### [EXERCISE OBJECTIVE]
Using the listing below, please gather every line containing the word "Autodesk".
----- SOURCE DATA -----
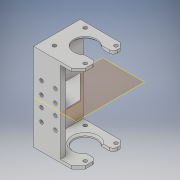
# Autodesk Inventor part: mount
Saved by Autodesk Inventor 2019 (Build 230136000, 136)
## iProperties
Created: 2020-04-12
Part Number: mount
Material: Generisch
Document SubType Name: Modeling
Designer: marc
Density: 1 g/cm^3
Appearance: Vorgabe
Author: marc
## iProperties of the stored document mount_3D-Druck.ipt
Created: 2020-06-20
Part Number: mount_3D-Druck
Material: Generisch
Document SubType Name: Modeling
Designer: marc
Density: 1 g/cm^3
Appearance: Vorgabe
Author: marc
Autodesk Inventor part; units mm, degrees
ref_plane "YZ Plane" through (0, 0, 0) normal (1, 0, 0) x (0, 1, 0)
ref_plane "XZ Plane" through (0, 0, 0) normal (0, 1, 0) x (-1, 0, 0)
ref_plane "XY Plane" through (0, 0, 0) normal (0, 0, 1) x (1, 0, 0)
sketch "Skizze1" plane through (0, 0, 0) normal (0, 1, 0) x (-1, 0, 0)
  line L0 (0, 0) -> (42, 0)
  line L1 (42, 0) -> (42, 42)
  line L2 (42, 42) -> (0, 42)
  line L3 (0, 42) -> (0, 0)
  dimension "d0" = 42
  dimension "d1" = 42
  constraints: 8 end point, 2 parallel, 1 horizontal, 1 perpendicular
  measures "d0" distance of L2.end L1.end
  measures "d1" distance of L1.end L0.end
extrude "Extrusion1" add sketch "Skizze1" along normal blind 3
sketch "Skizze2" plane through (0, 3, 0) normal (0, 1, 0) x (1, 0, 0)
  line L0 (-42, 0) -> (-42, -42) projected
  line L1 (-42, -42) -> (0, -42) projected
  point P0 (0, 0)
  point P1 (-35, -33)
  point P2 (-35, -2)
  point P3 (-4, -2)
  point P4 (-4, -33)
  dimension "d4" = 31
  dimension "d5" = 31
  dimension "d6" = 7
  dimension "d7" = 9
  dimension "d8" = 42
  constraints: 2 horizontal alignment, 2 vertical alignment
  measures "d4" distance of point (-35, -2) point (-35, -33)
  measures "d5" distance of point (-4, -33) point (-35, -33)
  measures "d6" distance from line of L0 point (-35, -33)
  measures "d7" distance from line of L1 point (-35, -33)
  measures "d8" distance of L0.end L1.end
hole "Bohrung1" at (-35, 3, 2) at (-4, 3, 2) at (-4, 3, 33) at (-35, 3, 33) direction (0, -1, 0) diameter 3.6 end through all clearance for "Flachkopfsenkschraube DIN EN ISO 2009" size "M3" standard "DIN"
ref_plane "Arbeitsebene1" through (0, 44, 0) normal (0, 1, 0) x (1, 0, 0)
mirror "Spiegeln1" about plane through (0, 44, 0) normal (0, 1, 0)
sketch "Skizze4" plane through (-42, 0, 0) normal (-1, 0, 0) x (0, 0, 1)
  line L0 (0, 88) -> (42, 88) projected
  line L1 (42, 88) -> (0, 88)
  line L2 (0, 88) -> (0, 0)
  line L3 (0, 0) -> (42, 0)
  line L4 (42, 0) -> (42, 88)
  constraints: 8 end point, 2 parallel, 1 horizontal, 1 perpendicular
extrude "Extrusion2" add sketch "Skizze4" along normal blind 3
sketch "Skizze5" plane through (0, 0, 0) normal (0, -1, 0) x (1, 0, 0)
  circle A0 centre (-4, 33) radius 1.8 projected
  point P0 (0, 0)
  point P1 (-19.5, 17.5)
  dimension "d19" = 15.5
  dimension "d20" = 15.5
  measures "d19" horizontal distance of A0.centre point (-19.5, 17.5)
  measures "d20" horizontal distance of A0.centre point (-19.5, 17.5)
hole "Bohrung2" at (-19.5, 0, 17.5) direction (0, 1, 0) diameter 23 end through all
sketch "Skizze6" plane through (-42, 0, 0) normal (1, 0, 0) x (0, 0, -1)
  line L0 (-42, 85) -> (0, 85) projected
  line L1 (0, 3) -> (-42, 3) projected
  line L2 (-42, 85) -> (-39, 85)
  line L3 (-39, 85) -> (-39, 3)
  line L4 (-39, 3) -> (-42, 3)
  line L5 (-42, 3) -> (-42, 85)
  point P0 (0, 0)
  dimension "d28" = 3
  constraints: 8 end point, 2 parallel, 1 horizontal, 1 perpendicular, 1 point on line
  measures "d28" distance of L3.end L4.end
extrude "Extrusion3" add sketch "Skizze6" along normal blind 24
sketch "Skizze7" plane through (0, 44, 0) normal (0, 1, 0) x (1, 0, 0)
  line L0 (-18, -39) -> (-42, -39)
  line L1 (-42, -39) -> (-42, 0)
  line L2 (-42, 0) -> (-18, 0)
  line L3 (-18, 0) -> (-18, -39)
  point P0 (0, 0)
  point P1 (-42, -39)
  constraints: 8 end point, 2 parallel, 1 horizontal, 1 perpendicular
extrude "Extrusion4" add sketch "Skizze7" along normal mid plane 1
chamfer "Fase1" distance 24 angle 45 1 edges at (-18, 44, 0)
sketch "Skizze8" plane through (-18, 85, 39) normal (0, 0, -1) x (-1, 0, 0)
  line L0 (0, -40.5) -> (0, 0) projected
  line L1 (24, -40.5) -> (0, -40.5) projected
  line L2 (-18, 0) -> (24, 0) projected
  line L3 (24, -40.5) -> (24, 0) projected
  point P0 (-18, -85)
  point P1 (5, -35.5)
  point P2 (5, -23)
  point P3 (19, -23)
  point P4 (19, -35.5)
  dimension "d36" = 5
  dimension "d37" = 5
  dimension "d39" = 5
  dimension "d92" = 12.5
  constraints: 2 horizontal alignment, 2 vertical alignment
  measures "d36" distance from line of L0 point (5, -35.5)
  measures "d37" distance from line of L1 point (5, -35.5)
  measures "d39" distance from line of L3 point (19, -23)
  measures "d92" distance of point (5, -35.5) point (5, -23)
hole "Bohrung3" at (-23, 49.5, 39) at (-23, 62, 39) at (-37, 62, 39) at (-37, 49.5, 39) direction (0, 0, 1) diameter 3.6 end through all clearance for "Flachkopfsenkschraube DIN EN ISO 2009" size "M3" standard "DIN"
sketch "Skizze9" plane through (-18, 85, 39) normal (0, 0, -1) x (-1, 0, 0)
  line L0 (1.7668, -35.5) -> (3.3834, -32.7)
  line L1 (3.3834, -32.7) -> (6.6166, -32.7)
  line L2 (6.6166, -32.7) -> (8.2332, -35.5)
  line L3 (8.2332, -35.5) -> (6.6166, -38.3)
  line L4 (6.6166, -38.3) -> (3.3834, -38.3)
  line L5 (3.3834, -38.3) -> (1.7668, -35.5)
  line L6 (1.7668, -23) -> (3.3834, -20.2)
  line L7 (3.3834, -20.2) -> (6.6166, -20.2)
  line L8 (6.6166, -20.2) -> (8.2332, -23)
  line L9 (8.2332, -23) -> (6.6166, -25.8)
  line L10 (6.6166, -25.8) -> (3.3834, -25.8)
  line L11 (3.3834, -25.8) -> (1.7668, -23)
  line L12 (15.45, -35.5) -> (17.225, -32.4256)
  line L13 (17.225, -32.4256) -> (20.775, -32.4256)
  line L14 (20.775, -32.4256) -> (22.55, -35.5)
  line L15 (22.55, -35.5) -> (20.775, -38.5744)
  line L16 (20.775, -38.5744) -> (17.225, -38.5744)
  line L17 (17.225, -38.5744) -> (15.45, -35.5)
  line L18 (15.7668, -23) -> (17.3834, -20.2)
  line L19 (17.3834, -20.2) -> (20.6166, -20.2)
  line L20 (20.6166, -20.2) -> (22.2332, -23)
  line L21 (22.2332, -23) -> (20.6166, -25.8)
  line L22 (20.6166, -25.8) -> (17.3834, -25.8)
  line L23 (17.3834, -25.8) -> (15.7668, -23)
  circle A0 centre (5, -35.5) radius 1.8 projected
  circle A1 centre (5, -23) radius 1.8 projected
  circle A2 centre (19, -35.5) radius 1.8 projected
  circle A3 centre (19, -23) radius 1.8 projected
  line L24 (-18, 0) -> (24, 0) projected
  point P0 (-18, -85)
  dimension "d47" = 5.6
  dimension "d48" = 5.6
  constraints: 48 end point, 4 coincident, 4 parallel, 1 horizontal alignment, 1 point on line, 52 other
  measures "d47" distance between parallel lines of L4 L1
  measures "d48" distance between parallel lines of L7 L10
extrude "Extrusion5" cut sketch "Skizze9" against normal blind 2.5
mirror "Spiegeln2" about plane through (0, 44, 0) normal (0, 1, 0) of "Extrusion5", "Bohrung3"
move faces "Verschieben1" translate (0, 0, -3) faces at (-44, 43.8333, 0)
chamfer "Fase2" distance 5 angle 45 4 edges at (0, 86.5, -3) (0, 1.5, -3) (0, 1.5, 42) (0, 86.5, 42)
chamfer "Fase3" distance 1.75 angle 45 2 edges at (-19.5, 3, 29) (-19.5, 85, 29)
sketch "Skizze10" plane through (-45, 88, 42) normal (0, 1, 0) x (1, 0, 0)
  line L0 (45, 5) -> (45, 40) projected
  line L1 (33, 16) -> (45, 16)
  line L2 (45, 16) -> (45, 33)
  line L3 (45, 33) -> (33, 33)
  line L4 (33, 33) -> (33, 16)
  line L5 (40, 45) -> (0, 45) projected
  line L6 (0, 0) -> (40, 0) projected
  point P0 (45, 42)
  dimension "d60" = 12
  dimension "d61" = 16
  dimension "d62" = 12
  constraints: 8 end point, 2 parallel, 1 horizontal, 1 perpendicular, 1 point on line
  measures "d60" distance from line of L5 L3.end
  measures "d61" distance between parallel lines of L6 L1
  measures "d62" distance between parallel lines of L0 L4
extrude "Extrusion6" cut sketch "Skizze10" against normal up to surface (88 mm away)
fillet "Rundung1" radius 4 4 edges at (0, 1.5, 9) (0, 1.5, 26) (0, 86.5, 26) (0, 86.5, 9)
move faces "Verschieben2" translate (0, 0, 2) faces at (-33.1897, 78.9159, 42)
sketch "Skizze11" plane through (0, 0, 0) normal (0, -1, 0) x (1, 0, 0)
  line L0 (-45, -3) -> (-33.2803, -23.299)
  line L1 (-33.2803, -23.299) -> (-31.0303, -22)
  line L2 (-5, -3) -> (-42, -3) projected
  line L3 (-31.0303, -22) -> (-42, -3)
  line L4 (-5, -3) -> (-45, -3) projected
  point P0 (0, 0)
  dimension "d69" = 90
  dimension "d70" = 19
  dimension "d71" = 3
  dimension "d72" = 60
  constraints: 6 end point, 1 perpendicular, 1 point on line
  measures "d69" angle of L0 L1
  measures "d70" distance from line of L2 L1.end
  measures "d71" distance of L0.start L2.end
  measures "d72" angle of L0 L4
extrude "Extrusion7" [suppressed]
sketch "Skizze12" plane through (-19.5, 88, 17.5) normal (0, 1, 0) x (1, 0, 0)
  line L0 (-11.5303, 39.5) -> (-22.5, 20.5) projected
  line L1 (-16.5, 30.8923) -> (-16.5, 20.5)
  line L2 (14.5, 20.5) -> (-25.5, 20.5) projected
  point P0 (19.5, 17.5)
  dimension "d75" = 90
  dimension "d76" = 6
  constraints: 2 end point, 2 point on line
  measures "d75" angle of L2 L1
  measures "d76" distance of L0.end L1.end
extrude "Extrusion8" [suppressed]
mirror "Spiegeln3" [suppressed]
sketch "Skizze13" plane through (-33.2803, 0, -23.299) normal (-0.8660254, 0, -0.5) x (-0.5, 0, 0.8660254)
  line L0 (3, 1) -> (11, 1)
  line L1 (11, 1) -> (11, 18)
  line L2 (11, 18) -> (3, 18)
  line L3 (3, 18) -> (3, 1)
  circle A0 centre (7, 22) radius 1.7
  line L4 (0, 0) -> (0, 52) projected
  line L5 (23.4393, 0) -> (0, 0) projected
  point P0 (3.5374, 0)
  dimension "d79" = 4
  dimension "d80" = 17
  dimension "d81" = 8
  dimension "d82" = 4
  dimension "d83" = 3.4
  dimension "d84" = 3
  dimension "d85" = 1
  constraints: 8 end point, 2 parallel, 1 centre point, 1 horizontal, 1 perpendicular
  measures "d79" distance from line of L2 A0.centre
  measures "d80" distance of L2.end L0.start
  measures "d81" distance of L0.start L0.end
  measures "d82" distance from line of L3 A0.centre
  measures "d83" diameter of A0
  measures "d84" distance between parallel lines of L4 L3
  measures "d85" distance between parallel lines of L5 L0
extrude "Extrusion9" [suppressed]
mirror "Spiegeln4" [suppressed]
sketch "Skizze14" plane through (0, 44, 0) normal (0, 1, 0) x (1, 0, 0)
  line L0 (-36.5303, 12.4737) -> (-42, 3) projected
  line L1 (-42, 3) -> (-36.5303, 12.4737) projected
  line L2 (-36.5303, 12.4737) -> (-32.5303, 19.4019) projected
  line L3 (-32.5303, 19.4019) -> (-36, 13.3923) projected
  line L4 (-31.0303, 22) -> (-36, 13.3923) projected
  line L5 (-31.0303, 22) -> (-36, 13.3923) projected
  line L6 (-36, 13.3923) -> (-32.5303, 19.4019) projected
  line L7 (-32.5303, 19.4019) -> (-36.5303, 12.4737) projected
  line L8 (-33.6803, 17.4101) -> (-35.3803, 14.4656) projected
  line L9 (-33.6803, 17.4101) -> (-35.3803, 14.4656) projected
  line L10 (-42, 0) -> (-18, -24) projected
  line L11 (-18, -24) -> (-42, 0) projected
  line L12 (-36, 13.3923) -> (-32.3987, -9.6013)
  line L13 (-42, 0) -> (-18, -24) projected
  line L14 (-42, 3) -> (-42, -39) projected
  line L15 (-42, -39) -> (-42, 0) projected
  line L16 (-42, 0) -> (-42, -39) projected
  line L17 (-42, 3) -> (-42, -39) projected
  line L18 (-42, 0) -> (-32.3987, -9.6013)
  line L19 (-18, -24) -> (-42, 0) projected
  line L20 (-42, 0) -> (-42.3696, 2.3598)
  line L21 (-42.3696, 2.3598) -> (-36, 13.3923)
  point P0 (0, 0)
  dimension "d89" = 8
  constraints: 8 end point, 2 collinear, 2 point on line, 1 parallel
  measures "d89" distance between parallel lines of L12 L20
extrude "Extrusion10" [suppressed]
equation "\"d20\" = d19"
equation "\"d48\" = d47"
equation "\"d82\" = 0.5 * d81"
-----
### [OUTPUT BELOW]
# Autodesk Inventor part: mount
Saved by Autodesk Inventor 2019 (Build 230136000, 136)
Autodesk Inventor part; units mm, degrees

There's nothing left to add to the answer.